La ndrangheta ha sempre seguito il percorso del potere e continua a seguire la strada della integrazione progressiva fino alla “simbiosi” dove trova le condizioni favorevoli. Non mi risultano casi seri di contrapposizione con le istituzioni e con la politica. Nonostante le tante minacce ed i tanti piani per eliminare inquirenti scomodi, pochi, sono stati in Calabria i casi si attentati veri a uomini delle istituzioni, politici e magistrati (Scopelliti, Ligato, Fortugno) oltre l’atto dimostrativo con una bomba alla Procura di Reggio di qualche anno addietro. Quando poi, come nel caso della Lega, si affermano sulla scena soggetti nuovi ed in crescita, le attenzioni delle ndrangheta che segue molto le evoluzioni della politica, diventano particolari e pregnanti. La Lega d’altronde è fatta di comuni mortali che, viste le recenti vicende, più comuni non si può!
Su Franco Morelli è calata una cortina di silenzio: non lo difende nessuno come successo ad esempio con Franco Pacenza. Sembra che stia riempendo lenzuolate di verbali. Cosa c’è dietro questa cortina fumogena?
Intanto è ancora tutto da dimostrare. E’ calato il silenzio perché Lui preferisce il silenzio da uomo di curia e perché la sua parte politica si sente la coda di paglia per abbozzare una difesa avendo sposato in Calabria, per comodità ed opportunismo, una linea di difesa giustizialista.

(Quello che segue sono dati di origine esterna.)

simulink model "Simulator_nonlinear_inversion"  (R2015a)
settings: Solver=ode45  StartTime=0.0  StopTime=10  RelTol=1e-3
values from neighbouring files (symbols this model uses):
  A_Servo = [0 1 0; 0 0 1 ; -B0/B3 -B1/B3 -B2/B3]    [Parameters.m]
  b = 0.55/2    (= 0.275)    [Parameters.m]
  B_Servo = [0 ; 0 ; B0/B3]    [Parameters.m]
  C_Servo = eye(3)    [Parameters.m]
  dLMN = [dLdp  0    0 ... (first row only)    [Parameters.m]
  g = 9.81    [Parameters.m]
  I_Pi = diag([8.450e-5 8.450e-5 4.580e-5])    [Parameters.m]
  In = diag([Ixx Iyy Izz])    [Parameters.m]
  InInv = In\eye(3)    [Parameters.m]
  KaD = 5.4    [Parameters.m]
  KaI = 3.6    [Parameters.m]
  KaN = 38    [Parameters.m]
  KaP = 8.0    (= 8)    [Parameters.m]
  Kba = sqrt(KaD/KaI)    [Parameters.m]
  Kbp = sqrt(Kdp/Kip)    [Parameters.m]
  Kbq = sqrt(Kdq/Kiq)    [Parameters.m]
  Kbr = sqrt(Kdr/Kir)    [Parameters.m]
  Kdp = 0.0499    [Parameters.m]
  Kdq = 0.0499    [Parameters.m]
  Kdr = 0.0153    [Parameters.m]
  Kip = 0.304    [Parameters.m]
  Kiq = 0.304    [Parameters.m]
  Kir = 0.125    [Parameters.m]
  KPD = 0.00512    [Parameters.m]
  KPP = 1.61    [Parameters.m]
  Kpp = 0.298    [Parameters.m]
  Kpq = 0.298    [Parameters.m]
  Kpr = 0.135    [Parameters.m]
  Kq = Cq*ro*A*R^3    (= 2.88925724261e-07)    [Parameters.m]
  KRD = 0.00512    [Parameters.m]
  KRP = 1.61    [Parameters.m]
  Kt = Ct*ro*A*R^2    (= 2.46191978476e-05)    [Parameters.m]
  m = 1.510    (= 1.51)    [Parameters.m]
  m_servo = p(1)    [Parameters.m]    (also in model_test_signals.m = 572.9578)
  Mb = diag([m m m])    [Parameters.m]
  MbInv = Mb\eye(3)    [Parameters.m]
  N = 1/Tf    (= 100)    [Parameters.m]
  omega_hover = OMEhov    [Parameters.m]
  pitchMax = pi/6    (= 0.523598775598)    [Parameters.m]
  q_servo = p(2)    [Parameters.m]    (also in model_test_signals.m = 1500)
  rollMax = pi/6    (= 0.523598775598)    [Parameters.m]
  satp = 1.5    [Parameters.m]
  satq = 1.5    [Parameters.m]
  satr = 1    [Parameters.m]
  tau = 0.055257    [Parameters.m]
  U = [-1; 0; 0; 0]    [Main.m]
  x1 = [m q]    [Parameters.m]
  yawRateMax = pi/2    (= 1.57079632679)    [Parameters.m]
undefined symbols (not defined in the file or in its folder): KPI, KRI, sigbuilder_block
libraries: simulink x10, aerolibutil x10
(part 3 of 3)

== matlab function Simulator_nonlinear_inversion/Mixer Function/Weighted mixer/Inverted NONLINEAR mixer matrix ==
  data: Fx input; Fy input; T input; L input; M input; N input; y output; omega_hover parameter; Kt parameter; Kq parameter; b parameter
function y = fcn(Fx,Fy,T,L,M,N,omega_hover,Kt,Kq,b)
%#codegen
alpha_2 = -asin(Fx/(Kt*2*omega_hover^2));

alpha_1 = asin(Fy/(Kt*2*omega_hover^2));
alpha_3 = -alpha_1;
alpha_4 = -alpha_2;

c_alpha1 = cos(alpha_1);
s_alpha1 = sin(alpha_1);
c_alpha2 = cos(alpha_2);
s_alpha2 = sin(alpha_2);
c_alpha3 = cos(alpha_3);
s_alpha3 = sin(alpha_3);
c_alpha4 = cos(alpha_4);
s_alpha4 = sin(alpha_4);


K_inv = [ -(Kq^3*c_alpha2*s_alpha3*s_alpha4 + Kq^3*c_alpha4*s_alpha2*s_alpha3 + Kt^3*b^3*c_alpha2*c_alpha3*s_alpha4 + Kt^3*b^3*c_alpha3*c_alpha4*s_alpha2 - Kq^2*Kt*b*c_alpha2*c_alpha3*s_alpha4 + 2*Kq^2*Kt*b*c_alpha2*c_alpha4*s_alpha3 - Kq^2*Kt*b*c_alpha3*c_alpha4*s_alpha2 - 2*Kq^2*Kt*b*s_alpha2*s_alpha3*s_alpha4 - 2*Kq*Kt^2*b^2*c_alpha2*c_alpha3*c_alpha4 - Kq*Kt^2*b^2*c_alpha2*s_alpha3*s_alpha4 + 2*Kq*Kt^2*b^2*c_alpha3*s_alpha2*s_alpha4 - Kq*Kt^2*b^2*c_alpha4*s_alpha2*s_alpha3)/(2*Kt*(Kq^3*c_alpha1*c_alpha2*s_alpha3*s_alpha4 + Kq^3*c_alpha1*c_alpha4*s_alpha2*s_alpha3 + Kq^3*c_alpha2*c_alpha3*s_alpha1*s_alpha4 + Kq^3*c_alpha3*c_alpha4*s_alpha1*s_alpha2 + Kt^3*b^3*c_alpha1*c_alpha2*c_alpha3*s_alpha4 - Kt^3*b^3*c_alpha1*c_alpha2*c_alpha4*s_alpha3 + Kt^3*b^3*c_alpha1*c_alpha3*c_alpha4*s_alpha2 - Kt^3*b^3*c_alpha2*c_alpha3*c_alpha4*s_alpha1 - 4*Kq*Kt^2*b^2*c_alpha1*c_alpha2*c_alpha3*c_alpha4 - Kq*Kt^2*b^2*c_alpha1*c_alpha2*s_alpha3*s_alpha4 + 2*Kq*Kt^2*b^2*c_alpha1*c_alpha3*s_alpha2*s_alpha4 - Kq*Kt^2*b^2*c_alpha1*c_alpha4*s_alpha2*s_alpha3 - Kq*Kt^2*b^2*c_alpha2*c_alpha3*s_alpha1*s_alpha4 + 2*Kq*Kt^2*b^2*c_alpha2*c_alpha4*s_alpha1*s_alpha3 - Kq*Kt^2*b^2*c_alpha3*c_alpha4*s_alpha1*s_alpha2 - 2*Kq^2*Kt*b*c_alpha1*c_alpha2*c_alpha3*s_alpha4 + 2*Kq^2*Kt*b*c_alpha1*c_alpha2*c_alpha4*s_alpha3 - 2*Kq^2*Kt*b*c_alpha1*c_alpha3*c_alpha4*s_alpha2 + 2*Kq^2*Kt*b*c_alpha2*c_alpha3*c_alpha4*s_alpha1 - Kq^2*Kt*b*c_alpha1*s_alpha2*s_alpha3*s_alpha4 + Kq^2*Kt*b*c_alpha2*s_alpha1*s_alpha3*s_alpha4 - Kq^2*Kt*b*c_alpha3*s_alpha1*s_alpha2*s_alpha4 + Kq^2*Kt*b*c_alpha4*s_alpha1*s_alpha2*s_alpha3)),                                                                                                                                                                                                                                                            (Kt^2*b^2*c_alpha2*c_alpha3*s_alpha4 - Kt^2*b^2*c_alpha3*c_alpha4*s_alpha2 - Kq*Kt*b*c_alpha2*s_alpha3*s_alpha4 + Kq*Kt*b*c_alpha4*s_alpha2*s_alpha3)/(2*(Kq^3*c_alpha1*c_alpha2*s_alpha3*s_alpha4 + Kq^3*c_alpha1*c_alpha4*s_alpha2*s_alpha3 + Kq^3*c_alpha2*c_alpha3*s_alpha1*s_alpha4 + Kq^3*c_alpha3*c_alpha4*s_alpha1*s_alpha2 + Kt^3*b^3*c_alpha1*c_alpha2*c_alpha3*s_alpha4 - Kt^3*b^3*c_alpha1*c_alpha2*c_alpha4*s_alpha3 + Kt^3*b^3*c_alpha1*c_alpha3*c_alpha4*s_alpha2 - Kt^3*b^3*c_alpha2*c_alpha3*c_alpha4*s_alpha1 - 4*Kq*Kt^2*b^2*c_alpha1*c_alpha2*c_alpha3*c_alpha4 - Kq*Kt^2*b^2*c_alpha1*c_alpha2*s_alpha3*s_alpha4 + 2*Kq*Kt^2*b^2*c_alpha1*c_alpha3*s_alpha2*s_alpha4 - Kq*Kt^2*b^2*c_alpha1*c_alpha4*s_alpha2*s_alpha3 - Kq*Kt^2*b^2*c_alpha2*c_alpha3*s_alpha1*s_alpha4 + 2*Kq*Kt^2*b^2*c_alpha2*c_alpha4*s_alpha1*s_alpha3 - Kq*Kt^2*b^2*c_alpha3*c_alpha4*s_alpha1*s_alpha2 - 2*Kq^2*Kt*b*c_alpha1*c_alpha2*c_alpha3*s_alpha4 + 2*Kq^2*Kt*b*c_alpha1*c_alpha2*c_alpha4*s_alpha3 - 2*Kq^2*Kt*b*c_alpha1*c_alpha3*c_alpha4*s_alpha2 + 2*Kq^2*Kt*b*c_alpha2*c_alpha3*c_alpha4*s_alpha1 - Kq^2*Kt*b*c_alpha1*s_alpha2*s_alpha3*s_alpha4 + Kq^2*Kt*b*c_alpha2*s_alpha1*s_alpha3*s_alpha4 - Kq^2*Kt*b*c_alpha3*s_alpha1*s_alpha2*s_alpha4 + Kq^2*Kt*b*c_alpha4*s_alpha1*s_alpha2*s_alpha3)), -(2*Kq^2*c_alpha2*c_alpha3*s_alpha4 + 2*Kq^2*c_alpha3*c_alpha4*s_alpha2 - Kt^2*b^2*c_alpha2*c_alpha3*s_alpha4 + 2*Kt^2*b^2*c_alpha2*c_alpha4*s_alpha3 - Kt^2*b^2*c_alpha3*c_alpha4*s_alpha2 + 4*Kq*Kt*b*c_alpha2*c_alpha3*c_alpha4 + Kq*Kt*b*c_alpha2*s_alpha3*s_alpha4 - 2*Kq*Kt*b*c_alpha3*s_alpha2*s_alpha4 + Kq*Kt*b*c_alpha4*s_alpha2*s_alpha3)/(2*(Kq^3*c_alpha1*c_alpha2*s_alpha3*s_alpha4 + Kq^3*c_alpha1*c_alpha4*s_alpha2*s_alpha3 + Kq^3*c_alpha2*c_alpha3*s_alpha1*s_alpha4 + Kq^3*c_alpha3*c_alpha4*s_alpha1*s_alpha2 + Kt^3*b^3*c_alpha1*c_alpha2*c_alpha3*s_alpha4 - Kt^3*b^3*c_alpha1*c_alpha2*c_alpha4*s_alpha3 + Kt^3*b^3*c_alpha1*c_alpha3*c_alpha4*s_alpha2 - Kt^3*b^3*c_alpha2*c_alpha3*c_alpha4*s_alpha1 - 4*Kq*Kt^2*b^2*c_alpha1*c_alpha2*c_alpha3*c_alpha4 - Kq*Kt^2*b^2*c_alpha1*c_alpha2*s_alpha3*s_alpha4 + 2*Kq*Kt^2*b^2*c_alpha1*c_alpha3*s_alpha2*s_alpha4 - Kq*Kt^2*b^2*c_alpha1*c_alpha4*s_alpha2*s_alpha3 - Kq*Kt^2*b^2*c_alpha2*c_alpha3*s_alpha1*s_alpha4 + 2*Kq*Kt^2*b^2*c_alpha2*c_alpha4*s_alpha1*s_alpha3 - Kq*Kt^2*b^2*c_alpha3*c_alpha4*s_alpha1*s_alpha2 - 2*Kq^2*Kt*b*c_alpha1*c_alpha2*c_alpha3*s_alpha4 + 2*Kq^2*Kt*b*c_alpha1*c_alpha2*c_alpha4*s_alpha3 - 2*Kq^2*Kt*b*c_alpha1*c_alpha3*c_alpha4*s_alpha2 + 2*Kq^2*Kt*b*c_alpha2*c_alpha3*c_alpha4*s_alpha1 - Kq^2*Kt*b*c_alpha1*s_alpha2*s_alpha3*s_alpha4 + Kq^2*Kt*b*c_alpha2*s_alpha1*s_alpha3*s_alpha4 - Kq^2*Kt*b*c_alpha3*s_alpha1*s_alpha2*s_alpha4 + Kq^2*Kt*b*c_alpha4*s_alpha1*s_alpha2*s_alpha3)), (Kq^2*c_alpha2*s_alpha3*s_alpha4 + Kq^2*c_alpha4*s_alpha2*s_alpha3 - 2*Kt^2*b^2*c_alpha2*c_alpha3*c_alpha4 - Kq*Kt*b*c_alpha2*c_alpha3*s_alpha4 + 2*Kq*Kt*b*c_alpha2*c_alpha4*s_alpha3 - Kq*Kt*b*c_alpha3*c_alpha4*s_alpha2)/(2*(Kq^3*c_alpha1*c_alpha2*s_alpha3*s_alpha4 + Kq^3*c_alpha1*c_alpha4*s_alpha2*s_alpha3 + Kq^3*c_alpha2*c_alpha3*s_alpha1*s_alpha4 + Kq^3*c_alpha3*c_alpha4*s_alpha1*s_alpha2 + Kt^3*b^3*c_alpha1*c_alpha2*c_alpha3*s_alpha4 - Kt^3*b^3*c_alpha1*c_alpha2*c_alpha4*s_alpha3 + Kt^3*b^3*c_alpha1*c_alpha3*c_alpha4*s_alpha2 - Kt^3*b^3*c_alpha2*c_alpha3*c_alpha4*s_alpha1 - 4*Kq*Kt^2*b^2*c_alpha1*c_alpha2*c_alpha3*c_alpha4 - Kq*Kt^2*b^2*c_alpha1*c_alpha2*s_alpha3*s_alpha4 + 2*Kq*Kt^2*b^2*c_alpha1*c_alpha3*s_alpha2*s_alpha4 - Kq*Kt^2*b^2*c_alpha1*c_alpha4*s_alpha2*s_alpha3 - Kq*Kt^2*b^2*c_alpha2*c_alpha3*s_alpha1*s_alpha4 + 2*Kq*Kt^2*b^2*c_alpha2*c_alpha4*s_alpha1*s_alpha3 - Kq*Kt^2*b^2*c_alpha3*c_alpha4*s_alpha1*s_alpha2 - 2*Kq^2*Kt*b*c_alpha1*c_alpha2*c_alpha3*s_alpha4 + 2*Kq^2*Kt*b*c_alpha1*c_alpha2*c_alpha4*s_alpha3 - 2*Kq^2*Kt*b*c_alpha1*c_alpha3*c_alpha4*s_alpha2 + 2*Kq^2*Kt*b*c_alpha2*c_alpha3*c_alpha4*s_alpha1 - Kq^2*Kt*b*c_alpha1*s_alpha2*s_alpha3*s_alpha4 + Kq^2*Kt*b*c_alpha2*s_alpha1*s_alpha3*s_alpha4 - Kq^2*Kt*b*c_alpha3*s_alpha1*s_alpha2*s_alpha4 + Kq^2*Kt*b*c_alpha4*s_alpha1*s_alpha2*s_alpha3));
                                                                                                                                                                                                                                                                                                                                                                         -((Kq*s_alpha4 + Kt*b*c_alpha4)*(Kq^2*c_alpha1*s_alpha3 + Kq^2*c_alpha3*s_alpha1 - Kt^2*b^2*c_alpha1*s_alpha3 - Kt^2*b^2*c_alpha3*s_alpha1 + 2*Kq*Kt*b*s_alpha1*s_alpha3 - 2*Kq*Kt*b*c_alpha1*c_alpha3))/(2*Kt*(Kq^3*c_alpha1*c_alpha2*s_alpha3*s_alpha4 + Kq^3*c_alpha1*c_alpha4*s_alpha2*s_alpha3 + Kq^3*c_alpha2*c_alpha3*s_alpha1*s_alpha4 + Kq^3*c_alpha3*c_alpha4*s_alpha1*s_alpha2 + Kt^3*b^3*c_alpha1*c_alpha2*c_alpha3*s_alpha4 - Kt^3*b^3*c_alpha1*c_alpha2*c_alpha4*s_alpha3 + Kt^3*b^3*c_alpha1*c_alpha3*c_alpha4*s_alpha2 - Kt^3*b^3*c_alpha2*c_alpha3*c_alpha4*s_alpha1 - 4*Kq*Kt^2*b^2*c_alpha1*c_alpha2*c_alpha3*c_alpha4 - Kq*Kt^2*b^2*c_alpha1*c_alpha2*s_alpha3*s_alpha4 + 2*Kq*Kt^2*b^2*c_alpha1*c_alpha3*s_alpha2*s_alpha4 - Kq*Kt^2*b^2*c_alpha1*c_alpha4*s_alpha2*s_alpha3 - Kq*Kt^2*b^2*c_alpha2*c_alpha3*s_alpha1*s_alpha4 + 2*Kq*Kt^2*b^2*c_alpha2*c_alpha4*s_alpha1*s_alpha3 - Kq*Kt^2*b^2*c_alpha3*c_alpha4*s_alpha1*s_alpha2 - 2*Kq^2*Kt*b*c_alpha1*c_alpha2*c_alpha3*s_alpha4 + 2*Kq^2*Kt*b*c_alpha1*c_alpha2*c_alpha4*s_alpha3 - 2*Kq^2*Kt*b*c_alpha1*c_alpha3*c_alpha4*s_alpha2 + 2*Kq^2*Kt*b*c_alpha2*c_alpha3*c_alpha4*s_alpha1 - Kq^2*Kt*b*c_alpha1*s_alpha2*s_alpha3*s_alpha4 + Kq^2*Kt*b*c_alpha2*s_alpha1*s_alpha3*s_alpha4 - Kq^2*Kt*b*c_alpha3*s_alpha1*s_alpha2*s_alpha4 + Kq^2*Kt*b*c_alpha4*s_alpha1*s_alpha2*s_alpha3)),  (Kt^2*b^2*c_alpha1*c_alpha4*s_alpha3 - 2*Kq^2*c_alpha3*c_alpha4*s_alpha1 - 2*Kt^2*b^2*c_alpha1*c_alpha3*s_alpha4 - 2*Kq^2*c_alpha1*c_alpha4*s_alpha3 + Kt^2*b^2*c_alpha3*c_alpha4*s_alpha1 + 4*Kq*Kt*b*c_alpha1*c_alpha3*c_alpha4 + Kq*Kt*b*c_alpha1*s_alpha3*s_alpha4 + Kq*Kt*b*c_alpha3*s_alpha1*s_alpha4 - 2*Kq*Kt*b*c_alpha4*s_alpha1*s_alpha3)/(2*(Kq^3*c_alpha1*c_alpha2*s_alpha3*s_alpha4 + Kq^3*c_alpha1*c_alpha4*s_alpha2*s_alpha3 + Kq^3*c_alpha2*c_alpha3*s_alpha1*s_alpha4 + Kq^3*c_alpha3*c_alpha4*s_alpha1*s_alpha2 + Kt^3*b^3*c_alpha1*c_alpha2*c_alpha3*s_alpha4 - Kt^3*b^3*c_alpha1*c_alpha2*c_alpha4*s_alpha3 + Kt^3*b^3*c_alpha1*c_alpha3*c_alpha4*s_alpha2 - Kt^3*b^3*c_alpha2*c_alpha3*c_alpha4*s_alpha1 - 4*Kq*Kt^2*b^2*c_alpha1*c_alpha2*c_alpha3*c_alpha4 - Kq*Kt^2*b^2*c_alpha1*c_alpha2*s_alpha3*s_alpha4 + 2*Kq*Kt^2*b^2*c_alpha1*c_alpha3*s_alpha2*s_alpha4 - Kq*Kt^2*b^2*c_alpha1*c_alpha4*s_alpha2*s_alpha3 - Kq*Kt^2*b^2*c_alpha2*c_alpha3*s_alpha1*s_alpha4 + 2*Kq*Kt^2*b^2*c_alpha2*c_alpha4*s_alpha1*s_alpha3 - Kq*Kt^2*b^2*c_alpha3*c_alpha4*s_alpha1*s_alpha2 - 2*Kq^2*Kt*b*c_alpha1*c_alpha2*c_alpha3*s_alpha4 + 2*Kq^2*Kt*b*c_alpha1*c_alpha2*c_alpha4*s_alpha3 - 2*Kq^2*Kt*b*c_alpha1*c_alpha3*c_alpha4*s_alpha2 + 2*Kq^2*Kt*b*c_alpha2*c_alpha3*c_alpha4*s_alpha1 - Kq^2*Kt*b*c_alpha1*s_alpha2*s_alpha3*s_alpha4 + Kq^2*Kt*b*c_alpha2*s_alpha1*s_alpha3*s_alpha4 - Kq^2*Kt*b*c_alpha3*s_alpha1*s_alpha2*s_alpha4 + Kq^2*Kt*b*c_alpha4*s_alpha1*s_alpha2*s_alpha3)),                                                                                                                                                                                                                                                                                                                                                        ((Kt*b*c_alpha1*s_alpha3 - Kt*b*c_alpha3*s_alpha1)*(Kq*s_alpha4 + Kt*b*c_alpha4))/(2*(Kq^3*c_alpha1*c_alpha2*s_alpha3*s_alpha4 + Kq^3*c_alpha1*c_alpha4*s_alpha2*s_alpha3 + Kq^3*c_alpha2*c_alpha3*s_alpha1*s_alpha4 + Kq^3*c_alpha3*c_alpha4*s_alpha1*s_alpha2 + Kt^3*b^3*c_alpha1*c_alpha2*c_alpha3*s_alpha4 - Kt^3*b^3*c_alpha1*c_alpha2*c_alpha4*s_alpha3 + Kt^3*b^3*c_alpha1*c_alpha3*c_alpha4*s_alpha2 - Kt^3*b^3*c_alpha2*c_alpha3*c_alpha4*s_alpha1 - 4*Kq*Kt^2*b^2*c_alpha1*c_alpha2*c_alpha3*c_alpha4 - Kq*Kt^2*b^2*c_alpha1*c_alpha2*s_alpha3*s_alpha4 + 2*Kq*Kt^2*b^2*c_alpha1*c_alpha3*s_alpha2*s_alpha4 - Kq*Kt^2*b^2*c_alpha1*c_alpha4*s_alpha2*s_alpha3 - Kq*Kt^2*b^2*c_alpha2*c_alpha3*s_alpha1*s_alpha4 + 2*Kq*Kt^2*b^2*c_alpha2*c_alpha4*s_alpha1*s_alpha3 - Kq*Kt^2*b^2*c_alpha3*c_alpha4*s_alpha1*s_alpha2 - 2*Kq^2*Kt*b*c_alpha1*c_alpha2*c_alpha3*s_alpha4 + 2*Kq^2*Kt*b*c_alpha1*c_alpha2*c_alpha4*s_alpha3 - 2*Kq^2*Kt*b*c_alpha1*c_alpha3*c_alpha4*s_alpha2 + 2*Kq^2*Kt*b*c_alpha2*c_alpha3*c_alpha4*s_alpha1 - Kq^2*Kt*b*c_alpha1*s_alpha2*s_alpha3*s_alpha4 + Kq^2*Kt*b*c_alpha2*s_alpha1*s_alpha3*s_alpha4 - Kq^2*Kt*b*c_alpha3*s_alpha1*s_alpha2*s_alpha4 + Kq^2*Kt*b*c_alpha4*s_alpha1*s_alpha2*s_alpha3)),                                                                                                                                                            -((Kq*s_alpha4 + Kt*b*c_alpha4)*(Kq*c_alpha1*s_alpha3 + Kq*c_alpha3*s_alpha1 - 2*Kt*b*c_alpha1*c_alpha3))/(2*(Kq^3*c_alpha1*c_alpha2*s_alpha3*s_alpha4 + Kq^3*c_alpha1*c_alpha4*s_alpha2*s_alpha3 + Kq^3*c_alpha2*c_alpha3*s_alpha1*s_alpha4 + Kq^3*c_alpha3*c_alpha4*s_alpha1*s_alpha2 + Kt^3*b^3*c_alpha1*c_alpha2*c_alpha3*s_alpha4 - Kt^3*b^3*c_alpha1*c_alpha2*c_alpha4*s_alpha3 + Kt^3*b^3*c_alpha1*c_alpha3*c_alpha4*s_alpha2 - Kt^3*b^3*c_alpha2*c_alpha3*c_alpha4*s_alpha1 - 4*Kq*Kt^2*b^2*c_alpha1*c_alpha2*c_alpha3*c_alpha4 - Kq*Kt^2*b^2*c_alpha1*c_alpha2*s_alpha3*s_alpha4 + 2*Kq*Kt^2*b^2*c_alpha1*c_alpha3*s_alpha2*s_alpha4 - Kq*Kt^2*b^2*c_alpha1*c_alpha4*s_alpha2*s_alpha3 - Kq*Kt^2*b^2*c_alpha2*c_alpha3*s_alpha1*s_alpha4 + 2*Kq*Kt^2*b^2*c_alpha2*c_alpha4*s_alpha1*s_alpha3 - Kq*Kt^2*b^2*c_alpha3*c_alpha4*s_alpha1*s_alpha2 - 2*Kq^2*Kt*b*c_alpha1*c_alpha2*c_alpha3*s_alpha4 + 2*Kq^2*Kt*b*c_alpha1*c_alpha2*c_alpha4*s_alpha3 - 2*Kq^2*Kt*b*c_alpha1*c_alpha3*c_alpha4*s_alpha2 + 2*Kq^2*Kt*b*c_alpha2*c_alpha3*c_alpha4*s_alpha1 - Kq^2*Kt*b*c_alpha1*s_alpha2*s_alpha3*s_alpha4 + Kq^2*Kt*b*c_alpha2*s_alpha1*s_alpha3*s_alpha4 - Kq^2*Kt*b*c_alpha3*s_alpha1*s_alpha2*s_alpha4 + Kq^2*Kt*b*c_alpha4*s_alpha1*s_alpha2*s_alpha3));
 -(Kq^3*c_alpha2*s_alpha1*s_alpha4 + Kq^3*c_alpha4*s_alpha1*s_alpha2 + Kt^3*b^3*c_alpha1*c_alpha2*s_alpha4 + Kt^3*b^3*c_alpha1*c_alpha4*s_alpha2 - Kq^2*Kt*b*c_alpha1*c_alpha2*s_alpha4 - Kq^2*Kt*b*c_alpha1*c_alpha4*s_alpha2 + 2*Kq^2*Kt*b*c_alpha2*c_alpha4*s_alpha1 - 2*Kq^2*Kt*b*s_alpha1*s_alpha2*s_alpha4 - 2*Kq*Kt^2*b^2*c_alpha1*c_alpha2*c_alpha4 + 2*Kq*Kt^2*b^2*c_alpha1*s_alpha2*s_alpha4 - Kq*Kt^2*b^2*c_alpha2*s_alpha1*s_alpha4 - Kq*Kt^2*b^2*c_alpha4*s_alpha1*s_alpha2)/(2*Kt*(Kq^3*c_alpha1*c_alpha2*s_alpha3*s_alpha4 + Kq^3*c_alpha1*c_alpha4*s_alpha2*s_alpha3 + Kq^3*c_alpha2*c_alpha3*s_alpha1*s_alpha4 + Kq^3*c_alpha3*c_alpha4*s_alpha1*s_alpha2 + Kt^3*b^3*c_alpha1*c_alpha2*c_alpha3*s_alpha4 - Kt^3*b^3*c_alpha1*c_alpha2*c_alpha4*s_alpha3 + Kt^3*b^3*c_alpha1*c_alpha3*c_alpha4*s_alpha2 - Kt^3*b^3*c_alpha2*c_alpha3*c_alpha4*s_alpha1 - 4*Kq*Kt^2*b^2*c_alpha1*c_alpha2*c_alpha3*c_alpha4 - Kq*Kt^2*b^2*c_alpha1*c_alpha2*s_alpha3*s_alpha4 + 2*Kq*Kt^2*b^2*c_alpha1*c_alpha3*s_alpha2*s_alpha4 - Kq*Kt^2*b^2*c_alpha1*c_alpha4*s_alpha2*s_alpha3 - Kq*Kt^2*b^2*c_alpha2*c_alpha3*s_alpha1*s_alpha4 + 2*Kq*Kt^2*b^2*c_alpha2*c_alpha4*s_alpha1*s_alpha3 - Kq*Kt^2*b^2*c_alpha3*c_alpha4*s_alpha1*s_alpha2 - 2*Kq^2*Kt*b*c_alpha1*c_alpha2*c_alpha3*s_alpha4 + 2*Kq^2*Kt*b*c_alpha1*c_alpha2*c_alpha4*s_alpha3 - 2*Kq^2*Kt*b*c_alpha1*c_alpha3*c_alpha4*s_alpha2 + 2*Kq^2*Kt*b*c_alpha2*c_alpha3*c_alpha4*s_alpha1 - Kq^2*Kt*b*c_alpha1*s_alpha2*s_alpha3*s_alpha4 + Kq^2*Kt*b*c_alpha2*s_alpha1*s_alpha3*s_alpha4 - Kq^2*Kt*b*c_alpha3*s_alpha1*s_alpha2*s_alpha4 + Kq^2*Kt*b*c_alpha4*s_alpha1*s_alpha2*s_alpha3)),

L’imbarazzo deriva forse dal fatto che gli ambienti di recente e nuova frequentazione di Morelli erano noti ad altri di più antica conoscenza ed il timore di andare incontro a qualche spiacevole sorpresa avrà frenato ogni proposito bellicoso. Morelli, per quanto ho avuto modo di conoscerlo, essendo un uomo timorato di Dio, accorto e fiducioso nella giustizia, non solo in quella divina, darà la massima collaborazione per comprendere meglio il contesto e la realtà in cui, probabilmente, a sua insaputa, si è venuto a trovare. Quanto alla sinistra lo spirito di appartenenza e la diversità sono tratti distintivi collaudati e costanti.
La ndrangheta è il vero problema della Calabria, poiché crea lavoro e provoca sottosviluppo. E’ possibile sperare in un governo regionale “pulito”?
E’ vero che la ndrangheta è il primo problema della Regione di difficile risoluzione in quanto non si presenta come corpo estraneo separabile dal contesto, ma vive e vegeta dentro la società, nelle istituzioni e nella politica specie quando si pratica un modello di gestione della cosa pubblica arbitrario e illegale e si perde il senso dello stato, del diritto e del bene comune. Non so se prima o dopo ma c’è anche un problema di classe dirigente, intesa in senso lato, il cui deficit è sotto gli occhi di tutti, per avere ognuno abdicato al proprio ruolo e privilegiato un rapporto di commistione con gli altri poteri dove nasce e cresce la cosiddetta borghesia mafiosa come ceto sociale nuovo, anello di congiunzione tra malaffare, mala-politica e malavita. Senza una forte presa di coscienza, il protagonismo dei cittadini e fatti di rottura che scuotono il sistema di potere consolidato facendo nascere una nuova classe dirigente, difficilmente la Regione troverà un Governo all’altezza del compito che arresti il circolo vizioso che da lunghi anni l’avvolge.
Il suo tetragono impegno è veramente lodevole, cosa è necessario fare per vincere la repulsione di larghissimi strati della società civile nei confronti della politica? Qual è oggi l’alternativa al “grillismo”?
L’alternativa al “grillismo”, che io non demonizzo, è solo il riformismo socialista, merce rara di questi tempi. Ma sinceramente dubito che questa risposta possa venire dall’attuale assetto politico e dagli attuali Partiti che andrebbero cambiati e riformati in profondo ma che non sembrano propensi a cambiare o a riformarsi. Se c’è rifiuto di un prodotto perché scaduto, scadente ed avariato bisogna presentare un altro prodotto migliore e cambiare gli stessi offerenti. Se il vino va in malora vanno cambiate anche le botti!
Secondo lei è ancora una volta arrivato il momento di affidarsi all’uomo della provvidenza?
L’uomo della provvidenza non solo non esiste ma qualora esistesse sarebbe un grave disastro in quanto destinato a sconfinare nell’arbitrio ed a lasciare le cose peggio di prima. Gli esempi della storia sono innumerevoli. L’uomo della provvidenza è, invece, il senso civico, il senso dei propri diritti e dei propri doveri, il rispetto della dignità e dei diritti degli altri, una nuova presa di coscienza, nuovi valori, un cambio di mentalità e di cultura che faccia prevalere l’interesse generale sul particolare e che accetti le regole, i controlli di legalità, l’equilibrio dei poteri, il rispetto delle leggi dello Stato. L’importante è invertire la tendenza e cambiare la rotta se si vuole avere un traguardo ed un futuro.

Articolo in pdf


Inizio pagina


C O P Y R I G H T

You may copy it, give it away or re-use it under the terms of the ©opyright rules included at my home page, citing the author's name and that the text is taken from the site www.oresteparise.it.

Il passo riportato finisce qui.